Samhain had a thread over twenty pages long
on the Absolute Write forums and I read through that. Given the choice of sending a manuscript to a general submissions address and targeting someone in particular, I picked an editor who said she liked strong worldbuilding and characters from different cultures. She responded a month later, accepting the manuscript.

There isn’t too much mixed about this blessing, maybe because I finally started doing things right. My first novel, Before the Storm, has just been released by Samhain and I’m very pleased with its design and production. My editor expressed interest in a sequel, but while I’ll start that very soon, I’ll also query agents about another standalone fantasy with a scientific twist. This time it’s dragons and clinical psychology.

Yes, I figured out what I do best – which isn’t to write like Tolkien, it’s to write like me.

Sunday, 4 April 2010

You Can Judge A Book By Its Cover

A book jacket has a lot to achieve.

It has to be eye-catching enough to stand out from all the other books on bookshop shelves, but not so different that it scares off its book’s potential readers.
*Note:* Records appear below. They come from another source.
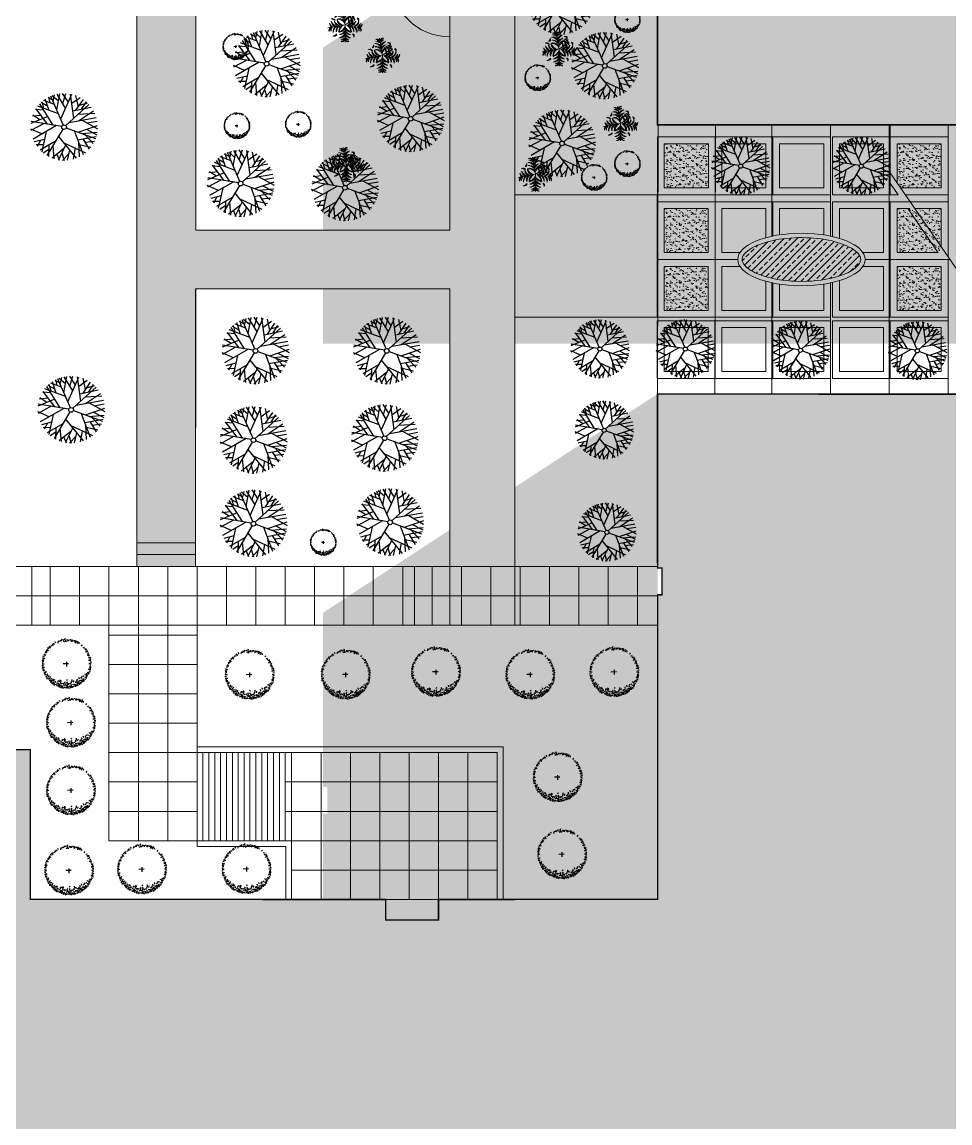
# Model space of a CAD drawing. Header units: millimetres. Extents: x 216896 to 446004, y 63591 to 243769.
# Drawn here: x 287695 to 319291, y 134254 to 171725 of the extents above; entities that cross this region are included whole.
import ezdxf

# ---------------------------------------------------------------- set-up
doc = ezdxf.new("R2010")
doc.units = ezdxf.units.MM
for name, color, linetype, true_color in [('green', 7, 'Continuous', 0x45e718), ('hatch', 7, 'Continuous', 0x515350), ('shadov', 7, 'Continuous', 0x2a3c34)]:
    doc.layers.add(name, color=color, linetype=linetype, true_color=true_color)
doc.layers.add('line pedestr', color=7, linetype='Continuous', lineweight=5, true_color=0x1c1c1c)
for name, color, linetype, lineweight in [('Stone', 167, 'Continuous', 0), ('trees 1', 84, 'Continuous', 5), ('wall', 5, 'Continuous', 40)]:
    doc.layers.add(name, color=color, linetype=linetype, lineweight=lineweight)

# ---------------------------------------------------------------- blocks, each defined once
blk = doc.blocks.new('A$C19F01AD3')
at = {"color": 0}
for p, q in [((-0.003, 0.066), (-0.132, 0.938)), ((-0.108, 0.772), (-0.021, 0.947)), ((0.036, 0.751), (-0.094, 0.942)), ((-0.071, 0.523), (0.125, 0.94)), ((0.181, 0.505), (0.055, 0.946)), ((-0.427, 0.608), (-0.645, 0.687)), ((-0.423, 0.202), (-0.625, 0.705)), ((-0.053, 0.401), (-0.557, 0.761)), ((-0.281, 0.137), (-0.489, 0.808)), ((-0.292, 0.682), (-0.444, 0.833)), ((-0.41, 0.656), (-0.413, 0.85)), ((-0.095, 0.686), (-0.355, 0.876)), ((-0.284, 0.566), (-0.306, 0.895)), ((-0.115, 0.82), (-0.22, 0.92)), ((-0.199, 0.762), (-0.197, 0.926)), ((-0.03, 0.247), (0.451, 0.836)), ((0.139, 0.654), (0.295, 0.902)), ((0.301, 0.652), (0.208, 0.926)), ((0.327, 0.171), (0.415, 0.854)), ((0.381, 0.592), (0.656, 0.688)), ((0.537, 0.448), (0.555, 0.771)), ((-0.365, 0.409), (-0.874, 0.342)), ((-0.056, 0.034), (-0.851, 0.397)), ((-0.537, 0.486), (-0.78, 0.526)), ((-0.603, 0.378), (-0.762, 0.551)), ((0.057, 0.032), (0.844, 0.436)), ((0.354, 0.378), (0.885, 0.344)), ((0.447, 0.372), (0.728, 0.611)), ((0.581, 0.486), (0.812, 0.493)), ((0.61, 0.361), (0.792, 0.525)), ((-0.191, 0.096), (-0.93, -0.097)), ((-0.514, 0.243), (-0.925, 0.146)), ((-0.649, -0.024), (-0.917, 0.192)), ((-0.519, 0.01), (-0.785, -0.504)), ((0.172, 0.091), (0.947, 0.026)), ((0.438, 0.069), (0.92, 0.232)), ((0.481, 0.25), (0.935, 0.157)), ((0.542, 0.06), (0.9, -0.29)), ((-0.623, -0.191), (-0.916, -0.185)), ((-0.695, -0.33), (-0.891, -0.28)), ((-0.739, -0.188), (-0.874, -0.33)), ((-0.048, -0.045), (-0.672, -0.648)), ((-0.222, -0.214), (0.101, -0.931)), ((0.058, -0.031), (0.774, -0.539)), ((0.25, -0.167), (0.318, -0.882)), ((0.351, -0.239), (0.926, -0.196)), ((0.447, -0.307), (0.864, -0.381)), ((0.592, -0.221), (0.832, -0.446)), ((0.66, -0.055), (0.944, -0.08)), ((-0.33, -0.318), (-0.818, -0.45)), ((-0.579, -0.491), (-0.753, -0.551)), ((-0.544, -0.376), (-0.636, -0.683)), ((-0.158, -0.58), (-0.551, -0.753)), ((-0.44, -0.424), (-0.504, -0.786)), ((-0.092, -0.504), (-0.391, -0.848)), ((-0.135, -0.408), (0.394, -0.852)), ((0.282, -0.506), (0.196, -0.916)), ((0.276, -0.444), (0.808, -0.487)), ((0.289, -0.582), (0.583, -0.738)), ((0.426, -0.456), (0.522, -0.782)), ((0.458, -0.563), (0.724, -0.603)), ((0.513, -0.354), (0.675, -0.657)), ((-0.393, -0.684), (-0.371, -0.857)), ((-0.066, -0.756), (-0.281, -0.891)), ((-0.245, -0.681), (-0.239, -0.903)), ((-0.018, -0.666), (-0.154, -0.922)), ((0.148, -0.645), (0.016, -0.936))]:
    blk.add_line(p, q, dxfattribs=at)
blk.add_circle((0, 0), 0.0659, dxfattribs=at)
blk = doc.blocks.new('arbor2')
at = {"color": 0}
for p, q in [((-0.146, 0.414), (-0.151, 0.384)), ((-0.134, 0.423), (-0.115, 0.394)), ((-0.086, 0.409), (-0.092, 0.437)), ((-0.034, 0.436), (-0.053, 0.401)), ((-0.011, 0.412), (-0.013, 0.433)), ((-0.003, 0.444), (0.017, 0.422)), ((0.035, 0.449), (0.017, 0.426)), ((0.062, 0.439), (0.046, 0.421)), ((0.057, 0.408), (0.066, 0.388)), ((0.093, 0.45), (0.074, 0.424)), ((0.088, 0.422), (0.079, 0.391)), ((0.094, 0.399), (0.085, 0.38)), ((0.116, 0.401), (0.133, 0.419)), ((0.128, 0.421), (0.119, 0.39)), ((0.151, 0.41), (0.143, 0.382)), ((0.18, 0.409), (0.171, 0.388)), ((-0.394, 0.202), (-0.36, 0.195)), ((-0.352, 0.187), (-0.385, 0.215)), ((-0.35, 0.226), (-0.373, 0.241)), ((-0.319, 0.239), (-0.354, 0.259)), ((-0.325, 0.257), (-0.335, 0.279)), ((-0.316, 0.309), (-0.287, 0.308)), ((-0.299, 0.281), (-0.315, 0.294)), ((-0.293, 0.325), (-0.286, 0.295)), ((-0.286, 0.339), (-0.258, 0.319)), ((-0.253, 0.308), (-0.272, 0.347)), ((-0.236, 0.344), (-0.252, 0.367)), ((-0.202, 0.344), (-0.227, 0.376)), ((-0.201, 0.363), (-0.202, 0.388)), ((-0.168, 0.375), (-0.178, 0.394)), ((0.186, 0.379), (0.202, 0.363)), ((0.206, 0.396), (0.199, 0.362)), ((0.224, 0.383), (0.222, 0.362)), ((0.251, 0.376), (0.238, 0.353)), ((0.269, 0.364), (0.247, 0.334)), ((0.256, 0.344), (0.247, 0.321)), ((0.264, 0.361), (0.276, 0.322)), ((0.285, 0.301), (0.298, 0.317)), ((0.296, 0.348), (0.302, 0.321)), ((0.314, 0.318), (0.312, 0.289)), ((0.348, 0.238), (0.371, 0.254)), ((0.367, 0.203), (0.392, 0.204)), ((-0.442, -0.007), (-0.42, 0.012)), ((-0.441, 0.035), (-0.407, 0.041)), ((-0.397, 0.036), (-0.438, 0.051)), ((-0.41, 0.074), (-0.437, 0.079)), ((-0.437, 0.02), (-0.411, 0.004)), ((-0.386, 0.098), (-0.426, 0.102)), ((-0.398, 0.112), (-0.417, 0.129)), ((-0.41, 0.164), (-0.383, 0.173)), ((-0.384, 0.144), (-0.404, 0.15)), ((-0.395, 0.187), (-0.378, 0.162)), ((0.039, -0.009), (-0.056, 0.013)), ((0.01, 0.036), (-0.012, -0.045)), ((0.38, 0.17), (0.398, 0.18)), ((0.387, 0.117), (0.431, 0.12)), ((0.418, 0.148), (0.388, 0.153)), ((0.428, 0.136), (0.398, 0.118)), ((0.412, 0.175), (0.399, 0.148)), ((0.401, 0.057), (0.44, 0.068)), ((0.413, 0.088), (0.441, 0.094)), ((0.416, 0.013), (0.437, 0.015)), ((0.417, 0.049), (0.441, 0.04)), ((0.448, 0.005), (0.427, -0.015)), ((-0.411, -0.051), (-0.434, -0.042)), ((-0.407, -0.09), (-0.434, -0.096)), ((-0.394, -0.059), (-0.433, -0.07)), ((-0.41, -0.015), (-0.431, -0.017)), ((-0.38, -0.119), (-0.424, -0.122)), ((-0.421, -0.138), (-0.392, -0.12)), ((-0.385, -0.032), (-0.412, -0.05)), ((-0.412, -0.15), (-0.381, -0.155)), ((-0.406, -0.177), (-0.393, -0.151)), ((-0.37, -0.089), (-0.397, -0.106)), ((-0.373, -0.172), (-0.391, -0.182)), ((-0.353, -0.121), (-0.38, -0.139)), ((-0.333, -0.145), (-0.36, -0.163)), ((-0.36, -0.163), (-0.359, -0.185)), ((-0.328, -0.181), (-0.326, -0.203)), ((-0.299, -0.198), (-0.297, -0.22)), ((0.358, -0.189), (0.391, -0.218)), ((0.4, -0.204), (0.367, -0.197)), ((0.402, -0.189), (0.384, -0.164)), ((0.417, -0.166), (0.389, -0.176)), ((0.39, -0.146), (0.41, -0.152)), ((0.393, -0.1), (0.433, -0.104)), ((0.403, -0.039), (0.444, -0.053)), ((0.405, -0.114), (0.423, -0.131)), ((0.448, -0.037), (0.414, -0.043)), ((0.416, -0.076), (0.444, -0.081)), ((0.443, -0.022), (0.417, -0.006)), ((-0.36, -0.205), (-0.385, -0.206)), ((-0.342, -0.207), (-0.374, -0.232)), ((-0.342, -0.24), (-0.365, -0.256)), ((-0.306, -0.257), (-0.345, -0.276)), ((-0.312, -0.219), (-0.339, -0.237)), ((-0.336, -0.29), (-0.317, -0.262)), ((-0.323, -0.297), (-0.293, -0.29)), ((-0.319, -0.269), (-0.301, -0.298)), ((-0.307, -0.32), (-0.306, -0.291)), ((-0.275, -0.22), (-0.302, -0.237)), ((-0.269, -0.252), (-0.296, -0.27)), ((-0.279, -0.303), (-0.292, -0.319)), ((-0.271, -0.283), (-0.278, -0.256)), ((-0.254, -0.329), (-0.277, -0.339)), ((-0.258, -0.28), (-0.256, -0.302)), ((-0.237, -0.323), (-0.257, -0.358)), ((-0.226, -0.301), (-0.241, -0.316)), ((-0.204, -0.344), (-0.24, -0.353)), ((-0.224, -0.354), (-0.239, -0.378)), ((-0.209, -0.253), (-0.236, -0.27)), ((-0.21, -0.324), (-0.234, -0.333)), ((-0.232, -0.28), (-0.223, -0.256)), ((-0.184, -0.356), (-0.213, -0.389)), ((-0.174, -0.275), (-0.2, -0.289)), ((-0.2, -0.398), (-0.192, -0.364)), ((-0.197, -0.28), (-0.199, -0.26)), ((-0.197, -0.29), (-0.195, -0.312)), ((-0.188, -0.248), (-0.169, -0.27)), ((-0.187, -0.352), (-0.182, -0.372)), ((-0.169, -0.31), (-0.186, -0.334)), ((-0.185, -0.4), (-0.16, -0.382)), ((-0.162, -0.415), (-0.171, -0.387)), ((-0.142, -0.321), (-0.158, -0.338)), ((-0.142, -0.388), (-0.148, -0.408)), ((-0.146, -0.351), (-0.137, -0.372)), ((-0.11, -0.309), (-0.13, -0.335)), ((-0.115, -0.337), (-0.125, -0.368)), ((-0.109, -0.36), (-0.118, -0.379)), ((-0.086, -0.376), (-0.106, -0.393)), ((-0.074, -0.393), (-0.105, -0.414)), ((-0.096, -0.391), (-0.1, -0.431)), ((-0.07, -0.318), (-0.089, -0.34)), ((-0.075, -0.339), (-0.084, -0.369)), ((-0.07, -0.292), (-0.053, -0.274)), ((-0.052, -0.349), (-0.061, -0.377)), ((-0.056, -0.395), (-0.043, -0.412)), ((-0.024, -0.35), (-0.032, -0.372)), ((-0.017, -0.38), (-0.002, -0.396)), ((0.002, -0.328), (-0.007, -0.359)), ((0.021, -0.297), (0.013, -0.33)), ((0.021, -0.376), (0.018, -0.397)), ((0.043, -0.322), (0.032, -0.35)), ((0.048, -0.383), (0.034, -0.406)), ((0.065, -0.395), (0.043, -0.425)), ((0.07, -0.346), (0.072, -0.375)), ((0.075, -0.366), (0.098, -0.355)), ((0.083, -0.39), (0.1, -0.402)), ((0.097, -0.337), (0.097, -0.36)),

It has to provide information on several levels: the title and author name must be clearly legible; the book’s genre has to be immediately apparent; the illustration or design used has to do have some connection with the book’s plot, or central theme, without giving away any essential plot points; the jacket has to make it clear if the book is part of a series by conforming to certain design elements of previous books in that same series while also distinguishing the book from others in the series; and the jacket also has to establish or continue to uphold the style for its author, in order to help promote future sales.

There’s a fascinating discussion of the psychology of cover design in Lynn Price’s book, The Writer’s Tackle Box, which I urge everyone to read: it's already available in America from Behler Publications, and will be available in the UK at the end of May, published by Snowbooks.


Unsurprisingly, authors rarely get any say in the design of their book jackets (although some independent presses are fantastic about listening to their authors when it comes to jacket design). The major retailers will have more say in the design of the book jacket than an individual author will: if a senior book buyer doesn’t like a jacket it will almost always be redesigned.

Some designs break the rules: Scarlett Thomas's novel The End of Mr Y had a jacket design that rendered its title almost unreadable, but its striking design and original oversized format more than compensated for that (even though the ink from the gorgeous matt-black edges rubbed off all over me as I read it).

Let’s put this to the test. Sally Zigmond is a good friend of mine and she comments regularly on this blog. Her first novel, Hope Against Hope, is published today by Myrmidon Books and its cover appears at the top of this article. What I’d like you to do is suggest what genre Sally writes in, and hazard a guess about her novel's subject-matter, just by looking at the cover. You're not allowed to look it up on Amazon, because that would be cheating. And no, Mrs Zigmond, while you’re allowed to comment you’re not allowed to play because you already know all the answers!